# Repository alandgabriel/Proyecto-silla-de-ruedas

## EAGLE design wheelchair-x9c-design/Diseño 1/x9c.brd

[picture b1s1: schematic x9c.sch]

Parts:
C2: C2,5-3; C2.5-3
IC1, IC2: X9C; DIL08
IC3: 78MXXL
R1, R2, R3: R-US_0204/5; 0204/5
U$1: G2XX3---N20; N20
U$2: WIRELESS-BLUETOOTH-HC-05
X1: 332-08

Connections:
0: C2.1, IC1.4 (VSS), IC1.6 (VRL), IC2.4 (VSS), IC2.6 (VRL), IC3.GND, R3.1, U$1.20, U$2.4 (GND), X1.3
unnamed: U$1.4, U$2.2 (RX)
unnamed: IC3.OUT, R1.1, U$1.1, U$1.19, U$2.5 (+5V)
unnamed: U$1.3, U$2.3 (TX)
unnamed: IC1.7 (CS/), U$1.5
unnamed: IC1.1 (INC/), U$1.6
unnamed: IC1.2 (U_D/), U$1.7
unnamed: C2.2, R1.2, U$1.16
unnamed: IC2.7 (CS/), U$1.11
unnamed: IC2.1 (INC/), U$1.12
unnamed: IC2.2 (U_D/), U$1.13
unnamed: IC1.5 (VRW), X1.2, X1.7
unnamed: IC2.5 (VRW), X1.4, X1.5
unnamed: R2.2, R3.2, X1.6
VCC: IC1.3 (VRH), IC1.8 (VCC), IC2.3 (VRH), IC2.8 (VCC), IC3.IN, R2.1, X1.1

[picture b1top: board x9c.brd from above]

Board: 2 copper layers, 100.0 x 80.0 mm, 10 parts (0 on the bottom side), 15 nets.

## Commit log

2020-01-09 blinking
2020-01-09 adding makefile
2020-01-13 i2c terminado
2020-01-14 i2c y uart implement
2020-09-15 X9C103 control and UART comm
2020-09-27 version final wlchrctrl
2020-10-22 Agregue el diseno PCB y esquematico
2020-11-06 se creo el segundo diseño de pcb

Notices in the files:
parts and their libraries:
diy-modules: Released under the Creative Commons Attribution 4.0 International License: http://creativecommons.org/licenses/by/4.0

-----

• Task: Search the records for the word "picture", then list every line that has it.

• Problem solution:
[picture b1s1: schematic x9c.sch]
[picture b1top: board x9c.brd from above]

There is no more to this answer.